## WHAT IS REQUIRED
An exact restatement is required. Cover only the lines of the records from the first through the line with "#6=PRODUCT_DEFINITION_FORMATION('','',#4);", and skip pictures.

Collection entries
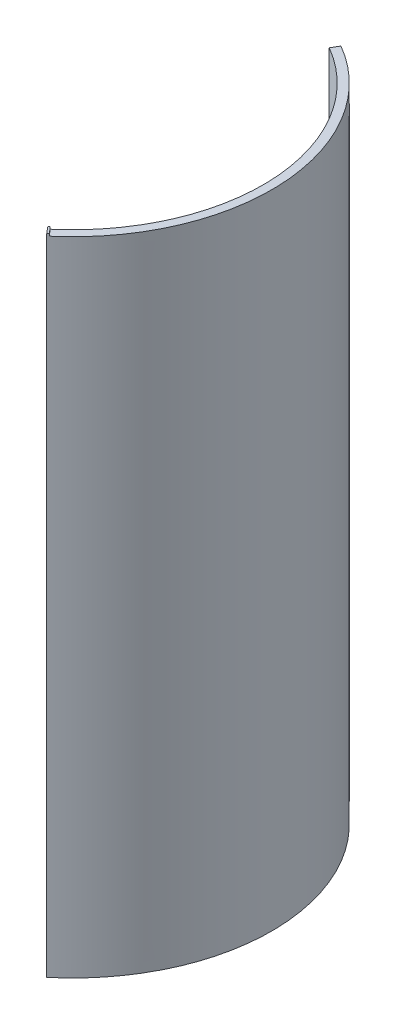
ISO-10303-21;
HEADER;
FILE_DESCRIPTION(('STEP AP214'),'2;1');
FILE_NAME('part.step','',(''),(''),'','','');
FILE_SCHEMA(('AUTOMOTIVE_DESIGN { 1 0 10303 214 1 1 1 1 }'));
ENDSEC;
DATA;
#1=APPLICATION_CONTEXT('core data for automotive mechanical design processes');
#2=APPLICATION_PROTOCOL_DEFINITION('international standard','automotive_design',2000,#1);
#3=PRODUCT_CONTEXT('',#1,'mechanical');
#4=PRODUCT('Part','Part','',(#3));
#5=PRODUCT_RELATED_PRODUCT_CATEGORY('part','',(#4));
#6=PRODUCT_DEFINITION_FORMATION('','',#4);
#7=PRODUCT_DEFINITION_CONTEXT('part definition',#1,'design');
#8=PRODUCT_DEFINITION('design','',#6,#7);
#9=PRODUCT_DEFINITION_SHAPE('','',#8);
#10=(LENGTH_UNIT() NAMED_UNIT(*) SI_UNIT(.MILLI.,.METRE.));
#11=(NAMED_UNIT(*) PLANE_ANGLE_UNIT() SI_UNIT($,.RADIAN.));
#12=(NAMED_UNIT(*) SI_UNIT($,.STERADIAN.) SOLID_ANGLE_UNIT());
#13=UNCERTAINTY_MEASURE_WITH_UNIT(LENGTH_MEASURE(1.E-05),#10,'distance_accuracy_value','');
#14=(GEOMETRIC_REPRESENTATION_CONTEXT(3) GLOBAL_UNCERTAINTY_ASSIGNED_CONTEXT((#13)) GLOBAL_UNIT_ASSIGNED_CONTEXT((#10,
#11,#12)) REPRESENTATION_CONTEXT('',''));
#15=CARTESIAN_POINT('',(0.,0.,0.));
#16=DIRECTION('',(0.,0.,1.));
#17=DIRECTION('',(1.,0.,0.));
#18=AXIS2_PLACEMENT_3D('',#15,#16,#17);
#19=CARTESIAN_POINT('',(0.,150.,0.));
#20=DIRECTION('',(0.,1.,0.));
#21=DIRECTION('',(0.,0.,1.));
#22=AXIS2_PLACEMENT_3D('',#19,#20,#21);
#23=PLANE('',#22);
#24=CARTESIAN_POINT('',(-19.0918830920365,150.,19.091883092037));
#25=CARTESIAN_POINT('',(-20.3463734071662,150.,18.1596419610419));
#26=CARTESIAN_POINT('',(-21.5345002593324,150.,17.1054336194398));
#27=CARTESIAN_POINT('',(-23.7328713875834,150.,14.7754464788285));
#28=CARTESIAN_POINT('',(-24.7430621891248,150.,13.4996862563432));
#29=CARTESIAN_POINT('',(-26.5442053629252,150.,10.7573847474911));
#30=CARTESIAN_POINT('',(-27.3351077383595,150.,9.2908719326232));
#31=CARTESIAN_POINT('',(-28.6617875844582,150.,6.20555601535264));
#32=CARTESIAN_POINT('',(-29.1975203590944,150.,4.58679060706874));
#33=CARTESIAN_POINT('',(-29.9848713551927,150.,1.24216620690554));
#34=CARTESIAN_POINT('',(-30.2364518716301,150.,-0.483646874587807));
#35=CARTESIAN_POINT('',(-30.4346480202212,150.,-3.99172231877559));
#36=CARTESIAN_POINT('',(-30.3812344349058,150.,-5.7739318685841));
#37=CARTESIAN_POINT('',(-29.9577408614613,150.,-9.34019463446037));
#38=CARTESIAN_POINT('',(-29.5876413908746,150.,-11.124189718761));
#39=CARTESIAN_POINT('',(-28.5289584697478,150.,-14.6371272504462));
#40=CARTESIAN_POINT('',(-27.8403662219906,150.,-16.3660080531824));
#41=CARTESIAN_POINT('',(-26.1531917269064,150.,-19.7113339535273));
#42=CARTESIAN_POINT('',(-25.1546119815376,150.,-21.3277158660333));
#43=CARTESIAN_POINT('',(-22.8663645263466,150.,-24.392054471337));
#44=CARTESIAN_POINT('',(-21.5767108667712,150.,-25.8399485147219));
#45=CARTESIAN_POINT('',(-18.7353780044284,150.,-28.5146111546944));
#46=CARTESIAN_POINT('',(-17.1837242676492,150.,-29.741319749938));
#47=CARTESIAN_POINT('',(-13.857020421084,150.,-31.9260486068176));
#48=CARTESIAN_POINT('',(-12.082006674444,150.,-32.8840135937121));
#49=CARTESIAN_POINT('',(-8.35584888350383,150.,-34.4905669189334));
#50=CARTESIAN_POINT('',(-6.40475120334752,150.,-35.1391066834268));
#51=CARTESIAN_POINT('',(-2.3810837423971,150.,-36.0945611631227));
#52=CARTESIAN_POINT('',(-0.308569074256293,150.,-36.401435807134));
#53=CARTESIAN_POINT('',(3.89740944185919,150.,-36.6510881068724));
#54=CARTESIAN_POINT('',(6.03081100392669,150.,-36.5938357592237));
#55=CARTESIAN_POINT('',(10.293943116198,150.,-36.1035956015378));
#56=CARTESIAN_POINT('',(12.4236060602799,150.,-35.6705891271213));
#57=CARTESIAN_POINT('',(16.6124993704204,150.,-34.428770402173));
#58=CARTESIAN_POINT('',(18.6716588858423,150.,-33.6199517546004));
#59=CARTESIAN_POINT('',(22.6527275815298,150.,-31.6383857424615));
#60=CARTESIAN_POINT('',(24.5745649013814,150.,-30.4656447952092));
#61=CARTESIAN_POINT('',(28.2162648147952,150.,-27.7800600744914));
#62=CARTESIAN_POINT('',(29.9360568617656,150.,-26.2672356717173));
#63=CARTESIAN_POINT('',(33.1131804789648,150.,-22.9368720843294));
#64=CARTESIAN_POINT('',(34.5704451543527,150.,-21.1193649410629));
#65=CARTESIAN_POINT('',(37.1683376924833,150.,-17.2258133701277));
#66=CARTESIAN_POINT('',(38.3089045878775,150.,-15.1498129498514));
#67=CARTESIAN_POINT('',(40.2274614116415,150.,-10.7950978751735));
#68=CARTESIAN_POINT('',(41.0053984376901,150.,-8.51643808142414));
#69=CARTESIAN_POINT('',(42.1627078141924,150.,-3.8203850911441));
#70=CARTESIAN_POINT('',(42.5420372536601,150.,-1.40305611494272));
#71=CARTESIAN_POINT('',(42.8775407157179,150.,3.49998905521581));
#72=CARTESIAN_POINT('',(42.8336834661649,150.,5.98563350315395));
#73=CARTESIAN_POINT('',(42.3107386888407,150.,10.9506450768701));
#74=CARTESIAN_POINT('',(41.8316328366593,150.,13.4299350530076));
#75=CARTESIAN_POINT('',(40.4393806043387,150.,18.3054968014477));
#76=CARTESIAN_POINT('',(39.5262297678277,150.,20.701688367873));
#77=CARTESIAN_POINT('',(37.280686855791,150.,25.3346058035535));
#78=CARTESIAN_POINT('',(35.9483046853433,150.,27.5712509120478));
#79=CARTESIAN_POINT('',(32.8926277115008,150.,31.8113457555537));
#80=CARTESIAN_POINT('',(31.1693572159586,150.,33.814716752477));
#81=CARTESIAN_POINT('',(27.3732480382687,150.,37.5196541469023));
#82=CARTESIAN_POINT('',(25.3004476449646,150.,39.2211464009758));
#83=CARTESIAN_POINT('',(20.8586979039303,150.,42.2611408054309));
#84=CARTESIAN_POINT('',(18.489799944907,150.,43.5995758902647));
#85=CARTESIAN_POINT('',(13.5200000313143,150.,45.8618219281404));
#86=CARTESIAN_POINT('',(10.9191612435361,150.,46.7855752060155));
#87=CARTESIAN_POINT('',(5.55862642549506,150.,48.1782550607997));
#88=CARTESIAN_POINT('',(2.79900361096261,150.,48.6471354166666));
#89=CARTESIAN_POINT('',(5.80617015949208E-13,150.,48.875));
#90=B_SPLINE_CURVE_WITH_KNOTS('',3,(#24,#25,#26,#27,#28,#29,#30,#31,#32,#33,#34,#35,#36,#37,#38,
#39,#40,#41,#42,#43,#44,#45,#46,#47,#48,#49,#50,#51,#52,#53,#54,#55,#56,#57,#58,#59,#60,#61,#62,
#63,#64,#65,#66,#67,#68,#69,#70,#71,#72,#73,#74,#75,#76,#77,#78,#79,#80,#81,#82,#83,#84,#85,#86,
#87,#88,#89),.UNSPECIFIED.,.F.,.F.,(4,2,2,2,2,2,2,2,2,2,2,2,2,2,2,2,2,2,2,2,2,2,2,2,2,2,2,2,2,2,
2,2,4),(0.,0.03125,0.0625,0.09375,0.125,0.15625,0.1875,0.21875,0.25,0.28125,0.3125,0.34375,
0.375,0.40625,0.4375,0.46875,0.5,0.53125,0.5625,0.59375,0.625,0.65625,0.6875,0.71875,0.75,
0.78125,0.8125,0.84375,0.875,0.90625,0.9375,0.96875,1.),.UNSPECIFIED.);
#91=CARTESIAN_POINT('',(22.7951421509959,150.,-31.4823443712795));
#92=VERTEX_POINT('',#91);
#93=CARTESIAN_POINT('',(26.9108133537189,150.,37.8162802669883));
#94=VERTEX_POINT('',#93);
#95=EDGE_CURVE('E98',#92,#94,#90,.T.);
#96=ORIENTED_EDGE('',*,*,#95,.T.);
#97=DIRECTION('',(0.647266097432394,0.,0.762264126871152));
#98=VECTOR('',#97,1.);
#99=CARTESIAN_POINT('',(-3.02165196939426,150.,2.56579420319399));
#100=LINE('',#99,#98);
#101=CARTESIAN_POINT('',(28.2053437399523,150.,39.3408063897618));
#102=VERTEX_POINT('',#101);
#103=EDGE_CURVE('E150',#94,#102,#100,.T.);
#104=ORIENTED_EDGE('',*,*,#103,.T.);
#105=CARTESIAN_POINT('',(-20.284806523139,150.,20.6971661473038));
#106=CARTESIAN_POINT('',(-21.6469349481276,150.,19.6849366161888));
#107=CARTESIAN_POINT('',(-24.1784754805348,150.,17.4351949136638));
#108=CARTESIAN_POINT('',(-28.5208644332071,150.,11.9579130722896));
#109=CARTESIAN_POINT('',(-32.149460613473,150.,3.60016921433298));
#110=CARTESIAN_POINT('',(-32.8348971371941,150.,-7.79353696689876));
#111=CARTESIAN_POINT('',(-29.4441518585612,150.,-19.1834580933702));
#112=CARTESIAN_POINT('',(-22.083640026458,150.,-29.1083698958214));
#113=CARTESIAN_POINT('',(-11.3826925533388,150.,-36.1844244603167));
#114=CARTESIAN_POINT('',(1.54976707172065,150.,-39.2970781470818));
#115=CARTESIAN_POINT('',(12.6426134399102,150.,-38.0545824427317));
#116=CARTESIAN_POINT('',(21.0330101055813,150.,-34.8691158336497));
#117=CARTESIAN_POINT('',(25.8635920265152,150.,-32.0782118074364));
#118=CARTESIAN_POINT('',(31.7987175405846,150.,-27.5199922653745));
#119=CARTESIAN_POINT('',(38.5761747844764,150.,-19.9889857519648));
#120=CARTESIAN_POINT('',(44.3682365957182,150.,-6.93710584227973));
#121=CARTESIAN_POINT('',(45.47844188482,150.,8.69346017968454));
#122=CARTESIAN_POINT('',(41.1214865583818,150.,24.1009158161417));
#123=CARTESIAN_POINT('',(34.3866469932016,150.,33.572491638163));
#124=CARTESIAN_POINT('',(28.9639981767198,150.,38.7297170698156));
#125=CARTESIAN_POINT('',(26.7177475938299,150.,40.6040404994617));
#126=CARTESIAN_POINT('',(22.6325811313915,150.,43.5587447934556));
#127=CARTESIAN_POINT('',(16.9541486744139,150.,46.7674378513083));
#128=CARTESIAN_POINT('',(10.1772840934641,150.,49.1736497511526));
#129=CARTESIAN_POINT('',(4.51546868359988,150.,50.3869026675537));
#130=CARTESIAN_POINT('',(1.61391719776806,150.,50.7502288372064));
#131=CARTESIAN_POINT('',(0.162281487584782,150.,50.8684053072036));
#132=B_SPLINE_CURVE_WITH_KNOTS('',3,(#105,#106,#107,#108,#109,#110,#111,#112,#113,#114,#115,
#116,#117,#118,#119,#120,#121,#122,#123,#124,#125,#126,#127,#128,#129,#130,#131),.UNSPECIFIED.,
.F.,.F.,(4,1,1,1,1,1,1,1,1,1,1,1,1,1,1,1,1,1,1,1,1,1,1,1,4),(0.,0.03125,0.0625,0.125,0.1875,
0.25,0.3125,0.375,0.4375,0.5,0.52693624887306,0.55818624887306,0.57381124887306,0.625,0.6875,
0.75,0.8125,0.873453421607825,0.881265921607825,0.896890921607825,0.90625,0.9375,0.96875,
0.984375,1.),.UNSPECIFIED.);
#133=CARTESIAN_POINT('',(23.7970623207433,150.,-33.2132851482714));
#134=VERTEX_POINT('',#133);
#135=EDGE_CURVE('E108',#134,#102,#132,.T.);
#136=ORIENTED_EDGE('',*,*,#135,.F.);
#137=DIRECTION('',(0.500960084873706,0.,-0.865470388495949));
#138=VECTOR('',#137,1.);
#139=CARTESIAN_POINT('',(3.4247724555705,150.,1.98236048606735));
#140=LINE('',#139,#138);
#141=EDGE_CURVE('E146',#92,#134,#140,.T.);
#142=ORIENTED_EDGE('',*,*,#141,.F.);
#143=EDGE_LOOP('',(#96,#104,#136,#142));
#144=FACE_BOUND('',#143,.T.);
#145=ADVANCED_FACE('F41',(#144),#23,.T.);
#146=DIRECTION('',(0.,-1.,0.));
#147=VECTOR('',#146,1.);
#148=SURFACE_OF_LINEAR_EXTRUSION('',#132,#147);
#149=CARTESIAN_POINT('',(-20.284806523139,0.,20.6971661473038));
#150=CARTESIAN_POINT('',(-21.6469349481276,0.,19.6849366161888));
#151=CARTESIAN_POINT('',(-24.1784754805348,0.,17.4351949136638));
#152=CARTESIAN_POINT('',(-28.5208644332071,0.,11.9579130722896));
#153=CARTESIAN_POINT('',(-32.149460613473,0.,3.60016921433298));
#154=CARTESIAN_POINT('',(-32.8348971371941,0.,-7.79353696689876));
#155=CARTESIAN_POINT('',(-29.4441518585612,0.,-19.1834580933702));
#156=CARTESIAN_POINT('',(-22.083640026458,0.,-29.1083698958214));
#157=CARTESIAN_POINT('',(-11.3826925533388,0.,-36.1844244603167));
#158=CARTESIAN_POINT('',(1.54976707172065,0.,-39.2970781470818));
#159=CARTESIAN_POINT('',(12.6426134399102,0.,-38.0545824427317));
#160=CARTESIAN_POINT('',(21.0330101055813,0.,-34.8691158336497));
#161=CARTESIAN_POINT('',(25.8635920265152,0.,-32.0782118074364));
#162=CARTESIAN_POINT('',(31.7987175405846,0.,-27.5199922653745));
#163=CARTESIAN_POINT('',(38.5761747844764,0.,-19.9889857519648));
#164=CARTESIAN_POINT('',(44.3682365957182,0.,-6.93710584227973));
#165=CARTESIAN_POINT('',(45.47844188482,0.,8.69346017968454));
#166=CARTESIAN_POINT('',(41.1214865583818,0.,24.1009158161417));
#167=CARTESIAN_POINT('',(34.3866469932016,0.,33.572491638163));
#168=CARTESIAN_POINT('',(28.9639981767198,0.,38.7297170698156));
#169=CARTESIAN_POINT('',(26.7177475938299,0.,40.6040404994617));
#170=CARTESIAN_POINT('',(22.6325811313915,0.,43.5587447934556));
#171=CARTESIAN_POINT('',(16.9541486744139,0.,46.7674378513083));
#172=CARTESIAN_POINT('',(10.1772840934641,0.,49.1736497511526));
#173=CARTESIAN_POINT('',(4.51546868359988,0.,50.3869026675537));
#174=CARTESIAN_POINT('',(1.61391719776806,0.,50.7502288372064));
#175=CARTESIAN_POINT('',(0.162281487584782,0.,50.8684053072036));
#176=B_SPLINE_CURVE_WITH_KNOTS('',3,(#149,#150,#151,#152,#153,#154,#155,#156,#157,#158,#159,
#160,#161,#162,#163,#164,#165,#166,#167,#168,#169,#170,#171,#172,#173,#174,#175),.UNSPECIFIED.,
.F.,.F.,(4,1,1,1,1,1,1,1,1,1,1,1,1,1,1,1,1,1,1,1,1,1,1,1,4),(0.,0.03125,0.0625,0.125,0.1875,
0.25,0.3125,0.375,0.4375,0.5,0.52693624887306,0.55818624887306,0.57381124887306,0.625,0.6875,
0.75,0.8125,0.873453421607825,0.881265921607825,0.896890921607825,0.90625,0.9375,0.96875,
0.984375,1.),.UNSPECIFIED.);
#177=CARTESIAN_POINT('',(23.7970623207433,0.,-33.2132851482714));
#178=VERTEX_POINT('',#177);
#179=CARTESIAN_POINT('',(27.8832469494637,0.,39.6119001683923));
#180=VERTEX_POINT('',#179);
#181=EDGE_CURVE('E88',#178,#180,#176,.T.);
#182=ORIENTED_EDGE('',*,*,#181,.F.);
#183=DIRECTION('',(0.,-1.,0.));
#184=VECTOR('',#183,1.);
#185=CARTESIAN_POINT('',(23.7970623207433,150.,-33.2132851482714));
#186=LINE('',#185,#184);
#187=EDGE_CURVE('E11',#134,#178,#186,.T.);
#188=ORIENTED_EDGE('',*,*,#187,.F.);
#189=ORIENTED_EDGE('',*,*,#135,.T.);
#190=DIRECTION('',(0.,-1.,0.));
#191=VECTOR('',#190,1.);
#192=CARTESIAN_POINT('',(28.2053437399522,150.5,39.3408063897618));
#193=LINE('',#192,#191);
#194=CARTESIAN_POINT('',(28.2053437399522,150.5,39.3408063897618));
#195=VERTEX_POINT('',#194);
#196=EDGE_CURVE('E58',#195,#102,#193,.T.);
#197=ORIENTED_EDGE('',*,*,#196,.F.);
#198=CARTESIAN_POINT('',(0.162281487584782,150.5,50.8684053072036));
#199=CARTESIAN_POINT('',(1.61391719776806,150.5,50.7502288372064));
#200=CARTESIAN_POINT('',(4.51546868359988,150.5,50.3869026675537));
#201=CARTESIAN_POINT('',(10.1772840934641,150.5,49.1736497511526));
#202=CARTESIAN_POINT('',(16.9541486744139,150.5,46.7674378513083));
#203=CARTESIAN_POINT('',(22.6325811313915,150.5,43.5587447934556));
#204=CARTESIAN_POINT('',(26.7177475938299,150.5,40.6040404994617));
#205=CARTESIAN_POINT('',(28.9639981767198,150.5,38.7297170698156));
#206=CARTESIAN_POINT('',(34.3866469932016,150.5,33.572491638163));
#207=CARTESIAN_POINT('',(41.1214865583818,150.5,24.1009158161417));
#208=CARTESIAN_POINT('',(45.47844188482,150.5,8.69346017968454));
#209=CARTESIAN_POINT('',(44.3682365957182,150.5,-6.93710584227973));
#210=CARTESIAN_POINT('',(38.5761747844764,150.5,-19.9889857519648));
#211=CARTESIAN_POINT('',(31.7987175405846,150.5,-27.5199922653745));
#212=CARTESIAN_POINT('',(25.8635920265152,150.5,-32.0782118074364));
#213=CARTESIAN_POINT('',(21.0330101055813,150.5,-34.8691158336497));
#214=CARTESIAN_POINT('',(12.6426134399102,150.5,-38.0545824427317));
#215=CARTESIAN_POINT('',(1.54976707172065,150.5,-39.2970781470818));
#216=CARTESIAN_POINT('',(-11.3826925533388,150.5,-36.1844244603167));
#217=CARTESIAN_POINT('',(-22.083640026458,150.5,-29.1083698958214));
#218=CARTESIAN_POINT('',(-29.4441518585612,150.5,-19.1834580933702));
#219=CARTESIAN_POINT('',(-32.8348971371941,150.5,-7.79353696689876));
#220=CARTESIAN_POINT('',(-32.149460613473,150.5,3.60016921433298));
#221=CARTESIAN_POINT('',(-28.5208644332071,150.5,11.9579130722896));
#222=CARTESIAN_POINT('',(-24.1784754805348,150.5,17.4351949136638));
#223=CARTESIAN_POINT('',(-21.6469349481276,150.5,19.6849366161888));
#224=CARTESIAN_POINT('',(-20.284806523139,150.5,20.6971661473038));
#225=B_SPLINE_CURVE_WITH_KNOTS('',3,(#198,#199,#200,#201,#202,#203,#204,#205,#206,#207,#208,
#209,#210,#211,#212,#213,#214,#215,#216,#217,#218,#219,#220,#221,#222,#223,#224),.UNSPECIFIED.,
.F.,.F.,(4,1,1,1,1,1,1,1,1,1,1,1,1,1,1,1,1,1,1,1,1,1,1,1,4),(0.,0.015625,0.03125,0.0625,0.09375,
0.103109078392175,0.118734078392175,0.126546578392175,0.1875,0.25,0.3125,0.375,0.42618875112694,
0.44181375112694,0.47306375112694,0.5,0.5625,0.625,0.6875,0.75,0.8125,0.875,0.9375,0.96875,1.),.UNSPECIFIED.);
#226=CARTESIAN_POINT('',(27.8832469494637,150.5,39.6119001683923));
#227=VERTEX_POINT('',#226);
#228=EDGE_CURVE('E92',#227,#195,#225,.T.);
#229=ORIENTED_EDGE('',*,*,#228,.F.);
#230=DIRECTION('',(0.,-1.,0.));
#231=VECTOR('',#230,1.);
#232=CARTESIAN_POINT('',(27.8832469494637,150.,39.6119001683923));
#233=LINE('',#232,#231);
#234=EDGE_CURVE('E85',#227,#180,#233,.T.);
#235=ORIENTED_EDGE('',*,*,#234,.T.);
#236=EDGE_LOOP('',(#182,#188,#189,#197,#229,#235));
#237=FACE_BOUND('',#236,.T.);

## FINISHED EXERCISE
ISO-10303-21;
HEADER;
FILE_DESCRIPTION(('STEP AP214'),'2;1');
FILE_NAME('part.step','',(''),(''),'','','');
FILE_SCHEMA(('AUTOMOTIVE_DESIGN { 1 0 10303 214 1 1 1 1 }'));
ENDSEC;
DATA;
#1=APPLICATION_CONTEXT('core data for automotive mechanical design processes');
#2=APPLICATION_PROTOCOL_DEFINITION('international standard','automotive_design',2000,#1);
#3=PRODUCT_CONTEXT('',#1,'mechanical');
#4=PRODUCT('Part','Part','',(#3));
#5=PRODUCT_RELATED_PRODUCT_CATEGORY('part','',(#4));
#6=PRODUCT_DEFINITION_FORMATION('','',#4);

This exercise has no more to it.